Top of RECORDS SUPPLIED
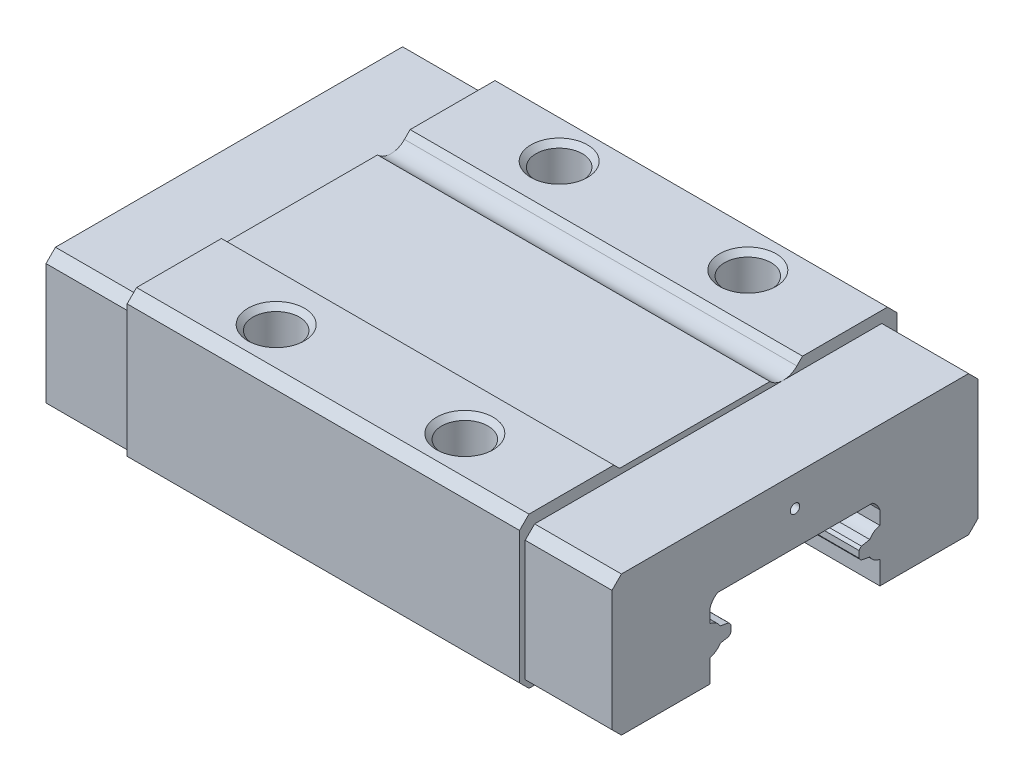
ISO-10303-21;
HEADER;
FILE_DESCRIPTION(('STEP AP214'),'2;1');
FILE_NAME('part.step','',(''),(''),'','','');
FILE_SCHEMA(('AUTOMOTIVE_DESIGN { 1 0 10303 214 1 1 1 1 }'));
ENDSEC;
DATA;
#1=APPLICATION_CONTEXT('core data for automotive mechanical design processes');
#2=APPLICATION_PROTOCOL_DEFINITION('international standard','automotive_design',2000,#1);
#3=PRODUCT_CONTEXT('',#1,'mechanical');
#4=PRODUCT('Part','Part','',(#3));
#5=PRODUCT_RELATED_PRODUCT_CATEGORY('part','',(#4));
#6=PRODUCT_DEFINITION_FORMATION('','',#4);
#7=PRODUCT_DEFINITION_CONTEXT('part definition',#1,'design');
#8=PRODUCT_DEFINITION('design','',#6,#7);
#9=PRODUCT_DEFINITION_SHAPE('','',#8);
#10=(LENGTH_UNIT() NAMED_UNIT(*) SI_UNIT(.MILLI.,.METRE.));
#11=(NAMED_UNIT(*) PLANE_ANGLE_UNIT() SI_UNIT($,.RADIAN.));
#12=(NAMED_UNIT(*) SI_UNIT($,.STERADIAN.) SOLID_ANGLE_UNIT());
#13=UNCERTAINTY_MEASURE_WITH_UNIT(LENGTH_MEASURE(1.E-05),#10,'distance_accuracy_value','');
#14=(GEOMETRIC_REPRESENTATION_CONTEXT(3) GLOBAL_UNCERTAINTY_ASSIGNED_CONTEXT((#13)) GLOBAL_UNIT_ASSIGNED_CONTEXT((#10,
#11,#12)) REPRESENTATION_CONTEXT('',''));
#15=CARTESIAN_POINT('',(0.,0.,0.));
#16=DIRECTION('',(0.,0.,1.));
#17=DIRECTION('',(1.,0.,0.));
#18=AXIS2_PLACEMENT_3D('',#15,#16,#17);
#19=CARTESIAN_POINT('',(25.,5.95985215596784,-7.5));
#20=DIRECTION('',(0.,1.,0.));
#21=DIRECTION('',(0.,0.,1.));
#22=AXIS2_PLACEMENT_3D('',#19,#20,#21);
#23=CONICAL_SURFACE('',#22,1.22950000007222,1.04719755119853);
#24=CARTESIAN_POINT('',(25.,5.24999999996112,-7.49999999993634));
#25=VERTEX_POINT('',#24);
#26=VERTEX_LOOP('',#25);
#27=FACE_BOUND('',#26,.T.);
#28=CARTESIAN_POINT('',(25.,5.95985215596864,-7.5));
#29=DIRECTION('',(0.,-1.,0.));
#30=DIRECTION('',(0.,0.,-1.));
#31=AXIS2_PLACEMENT_3D('',#28,#29,#30);
#32=CIRCLE('',#31,1.2295);
#33=CARTESIAN_POINT('',(25.,5.95985215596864,-8.7295));
#34=VERTEX_POINT('',#33);
#35=EDGE_CURVE('E379',#34,#34,#32,.F.);
#36=ORIENTED_EDGE('',*,*,#35,.T.);
#37=EDGE_LOOP('',(#36));
#38=FACE_BOUND('',#37,.T.);
#39=ADVANCED_FACE('F16',(#27,#38),#23,.F.);
#40=CARTESIAN_POINT('',(15.,5.95985215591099,-7.5));
#41=DIRECTION('',(0.,1.,0.));
#42=DIRECTION('',(-1.,0.,0.));
#43=AXIS2_PLACEMENT_3D('',#40,#41,#42);
#44=CONICAL_SURFACE('',#43,1.22949999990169,1.04719755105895);
#45=CARTESIAN_POINT('',(15.,5.24999999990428,-7.50000000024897));
#46=VERTEX_POINT('',#45);
#47=VERTEX_LOOP('',#46);
#48=FACE_BOUND('',#47,.T.);
#49=CARTESIAN_POINT('',(15.,5.95985215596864,-7.5));
#50=DIRECTION('',(0.,-1.,0.));
#51=DIRECTION('',(0.,0.,-1.));
#52=AXIS2_PLACEMENT_3D('',#49,#50,#51);
#53=CIRCLE('',#52,1.2295);
#54=CARTESIAN_POINT('',(15.,5.95985215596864,-8.7295));
#55=VERTEX_POINT('',#54);
#56=EDGE_CURVE('E397',#55,#55,#53,.F.);
#57=ORIENTED_EDGE('',*,*,#56,.T.);
#58=EDGE_LOOP('',(#57));
#59=FACE_BOUND('',#58,.T.);
#60=ADVANCED_FACE('F1835',(#48,#59),#44,.F.);
#61=CARTESIAN_POINT('',(25.,5.95985215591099,7.5));
#62=DIRECTION('',(0.,1.,0.));
#63=DIRECTION('',(-1.,0.,0.));
#64=AXIS2_PLACEMENT_3D('',#61,#62,#63);
#65=CONICAL_SURFACE('',#64,1.22949999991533,1.04719755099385);
#66=CARTESIAN_POINT('',(25.,5.2499999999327,7.49999999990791));
#67=VERTEX_POINT('',#66);
#68=VERTEX_LOOP('',#67);
#69=FACE_BOUND('',#68,.T.);
#70=CARTESIAN_POINT('',(25.,5.95985215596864,7.5));
#71=DIRECTION('',(0.,-1.,0.));
#72=DIRECTION('',(0.,0.,-1.));
#73=AXIS2_PLACEMENT_3D('',#70,#71,#72);
#74=CIRCLE('',#73,1.2295);
#75=CARTESIAN_POINT('',(25.,5.95985215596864,6.2705));
#76=VERTEX_POINT('',#75);
#77=EDGE_CURVE('E394',#76,#76,#74,.F.);
#78=ORIENTED_EDGE('',*,*,#77,.T.);
#79=EDGE_LOOP('',(#78));
#80=FACE_BOUND('',#79,.T.);
#81=ADVANCED_FACE('F1826',(#69,#80),#65,.F.);
#82=CARTESIAN_POINT('',(15.,5.95985215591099,7.5));
#83=DIRECTION('',(0.,1.,0.));
#84=DIRECTION('',(-1.,0.,0.));
#85=AXIS2_PLACEMENT_3D('',#82,#83,#84);
#86=CONICAL_SURFACE('',#85,1.22949999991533,1.04719755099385);
#87=CARTESIAN_POINT('',(15.,5.2499999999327,7.49999999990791));
#88=VERTEX_POINT('',#87);
#89=VERTEX_LOOP('',#88);
#90=FACE_BOUND('',#89,.T.);
#91=CARTESIAN_POINT('',(15.,5.95985215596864,7.5));
#92=DIRECTION('',(0.,-1.,0.));
#93=DIRECTION('',(0.,0.,-1.));
#94=AXIS2_PLACEMENT_3D('',#91,#92,#93);
#95=CIRCLE('',#94,1.2295);
#96=CARTESIAN_POINT('',(15.,5.95985215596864,6.2705));
#97=VERTEX_POINT('',#96);
#98=EDGE_CURVE('E391',#97,#97,#95,.F.);
#99=ORIENTED_EDGE('',*,*,#98,.T.);
#100=EDGE_LOOP('',(#99));
#101=FACE_BOUND('',#100,.T.);
#102=ADVANCED_FACE('F1817',(#90,#101),#86,.F.);
#103=CARTESIAN_POINT('',(5.,4.17435595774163,3.4));
#104=DIRECTION('',(0.,0.,-1.));
#105=DIRECTION('',(-1.,0.,0.));
#106=AXIS2_PLACEMENT_3D('',#103,#104,#105);
#107=PLANE('',#106);
#108=DIRECTION('',(0.,1.,0.));
#109=VECTOR('',#108,1.);
#110=CARTESIAN_POINT('',(5.,4.17435595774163,3.4));
#111=LINE('',#110,#109);
#112=CARTESIAN_POINT('',(5.,3.82564404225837,3.4));
#113=VERTEX_POINT('',#112);
#114=CARTESIAN_POINT('',(5.,4.17435595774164,3.4));
#115=VERTEX_POINT('',#114);
#116=EDGE_CURVE('E377',#113,#115,#111,.T.);
#117=ORIENTED_EDGE('',*,*,#116,.T.);
#118=DIRECTION('',(-1.,0.,0.));
#119=VECTOR('',#118,1.);
#120=CARTESIAN_POINT('',(5.,4.17435595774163,3.4));
#121=LINE('',#120,#119);
#122=CARTESIAN_POINT('',(35.,4.17435595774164,3.4));
#123=VERTEX_POINT('',#122);
#124=EDGE_CURVE('E373',#123,#115,#121,.T.);
#125=ORIENTED_EDGE('',*,*,#124,.F.);
#126=DIRECTION('',(0.,1.,0.));
#127=VECTOR('',#126,1.);
#128=CARTESIAN_POINT('',(35.,4.17435595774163,3.4));
#129=LINE('',#128,#127);
#130=CARTESIAN_POINT('',(35.,3.82564404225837,3.4));
#131=VERTEX_POINT('',#130);
#132=EDGE_CURVE('E380',#123,#131,#129,.F.);
#133=ORIENTED_EDGE('',*,*,#132,.T.);
#134=DIRECTION('',(-1.,0.,0.));
#135=VECTOR('',#134,1.);
#136=CARTESIAN_POINT('',(5.,3.82564404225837,3.4));
#137=LINE('',#136,#135);
#138=EDGE_CURVE('E386',#113,#131,#137,.F.);
#139=ORIENTED_EDGE('',*,*,#138,.F.);
#140=EDGE_LOOP('',(#117,#125,#133,#139));
#141=FACE_BOUND('',#140,.T.);
#142=ADVANCED_FACE('F1173',(#141),#107,.T.);
#143=CARTESIAN_POINT('',(25.,7.84467607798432,-7.5));
#144=DIRECTION('',(0.,-1.,0.));
#145=DIRECTION('',(0.,0.,-1.));
#146=AXIS2_PLACEMENT_3D('',#143,#144,#145);
#147=CYLINDRICAL_SURFACE('',#146,1.2295);
#148=CARTESIAN_POINT('',(25.,9.72950000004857,-7.5));
#149=DIRECTION('',(0.,1.,0.));
#150=DIRECTION('',(0.,0.,-1.));
#151=AXIS2_PLACEMENT_3D('',#148,#149,#150);
#152=CIRCLE('',#151,1.22950000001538);
#153=CARTESIAN_POINT('',(25.,9.72950000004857,-8.72950000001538));
#154=VERTEX_POINT('',#153);
#155=EDGE_CURVE('E369',#154,#154,#152,.T.);
#156=ORIENTED_EDGE('',*,*,#155,.T.);
#157=EDGE_LOOP('',(#156));
#158=FACE_BOUND('',#157,.T.);
#159=ORIENTED_EDGE('',*,*,#35,.F.);
#160=EDGE_LOOP('',(#159));
#161=FACE_BOUND('',#160,.T.);
#162=ADVANCED_FACE('F1798',(#158,#161),#147,.F.);
#163=CARTESIAN_POINT('',(15.,7.84467607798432,-7.5));
#164=DIRECTION('',(0.,-1.,0.));
#165=DIRECTION('',(0.,0.,-1.));
#166=AXIS2_PLACEMENT_3D('',#163,#164,#165);
#167=CYLINDRICAL_SURFACE('',#166,1.2295);
#168=CARTESIAN_POINT('',(15.,9.72950000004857,-7.5));
#169=DIRECTION('',(0.,1.,0.));
#170=DIRECTION('',(0.,0.,-1.));
#171=AXIS2_PLACEMENT_3D('',#168,#169,#170);
#172=CIRCLE('',#171,1.22950000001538);
#173=CARTESIAN_POINT('',(15.,9.72950000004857,-8.72950000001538));
#174=VERTEX_POINT('',#173);
#175=EDGE_CURVE('E337',#174,#174,#172,.T.);
#176=ORIENTED_EDGE('',*,*,#175,.T.);
#177=EDGE_LOOP('',(#176));
#178=FACE_BOUND('',#177,.T.);
#179=ORIENTED_EDGE('',*,*,#56,.F.);
#180=EDGE_LOOP('',(#179));
#181=FACE_BOUND('',#180,.T.);
#182=ADVANCED_FACE('F1788',(#178,#181),#167,.F.);
#183=CARTESIAN_POINT('',(25.,7.84467607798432,7.5));
#184=DIRECTION('',(0.,-1.,0.));
#185=DIRECTION('',(0.,0.,-1.));
#186=AXIS2_PLACEMENT_3D('',#183,#184,#185);
#187=CYLINDRICAL_SURFACE('',#186,1.2295);
#188=CARTESIAN_POINT('',(25.,9.72949999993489,7.5));
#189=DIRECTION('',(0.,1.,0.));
Bottom of RECORDS SUPPLIED
YOUR TASK:
Give an exact copy of the lines above from the line with "#57=ORIENTED_EDGE('',*,*,#56,.T.);" up to and including the line with "#98=EDGE_CURVE('E391',#97,#97,#95,.F.);", and leave everything else out.

TASK ANSWER:
#57=ORIENTED_EDGE('',*,*,#56,.T.);
#58=EDGE_LOOP('',(#57));
#59=FACE_BOUND('',#58,.T.);
#60=ADVANCED_FACE('F1835',(#48,#59),#44,.F.);
#61=CARTESIAN_POINT('',(25.,5.95985215591099,7.5));
#62=DIRECTION('',(0.,1.,0.));
#63=DIRECTION('',(-1.,0.,0.));
#64=AXIS2_PLACEMENT_3D('',#61,#62,#63);
#65=CONICAL_SURFACE('',#64,1.22949999991533,1.04719755099385);
#66=CARTESIAN_POINT('',(25.,5.2499999999327,7.49999999990791));
#67=VERTEX_POINT('',#66);
#68=VERTEX_LOOP('',#67);
#69=FACE_BOUND('',#68,.T.);
#70=CARTESIAN_POINT('',(25.,5.95985215596864,7.5));
#71=DIRECTION('',(0.,-1.,0.));
#72=DIRECTION('',(0.,0.,-1.));
#73=AXIS2_PLACEMENT_3D('',#70,#71,#72);
#74=CIRCLE('',#73,1.2295);
#75=CARTESIAN_POINT('',(25.,5.95985215596864,6.2705));
#76=VERTEX_POINT('',#75);
#77=EDGE_CURVE('E394',#76,#76,#74,.F.);
#78=ORIENTED_EDGE('',*,*,#77,.T.);
#79=EDGE_LOOP('',(#78));
#80=FACE_BOUND('',#79,.T.);
#81=ADVANCED_FACE('F1826',(#69,#80),#65,.F.);
#82=CARTESIAN_POINT('',(15.,5.95985215591099,7.5));
#83=DIRECTION('',(0.,1.,0.));
#84=DIRECTION('',(-1.,0.,0.));
#85=AXIS2_PLACEMENT_3D('',#82,#83,#84);
#86=CONICAL_SURFACE('',#85,1.22949999991533,1.04719755099385);
#87=CARTESIAN_POINT('',(15.,5.2499999999327,7.49999999990791));
#88=VERTEX_POINT('',#87);
#89=VERTEX_LOOP('',#88);
#90=FACE_BOUND('',#89,.T.);
#91=CARTESIAN_POINT('',(15.,5.95985215596864,7.5));
#92=DIRECTION('',(0.,-1.,0.));
#93=DIRECTION('',(0.,0.,-1.));
#94=AXIS2_PLACEMENT_3D('',#91,#92,#93);
#95=CIRCLE('',#94,1.2295);
#96=CARTESIAN_POINT('',(15.,5.95985215596864,6.2705));
#97=VERTEX_POINT('',#96);
#98=EDGE_CURVE('E391',#97,#97,#95,.F.);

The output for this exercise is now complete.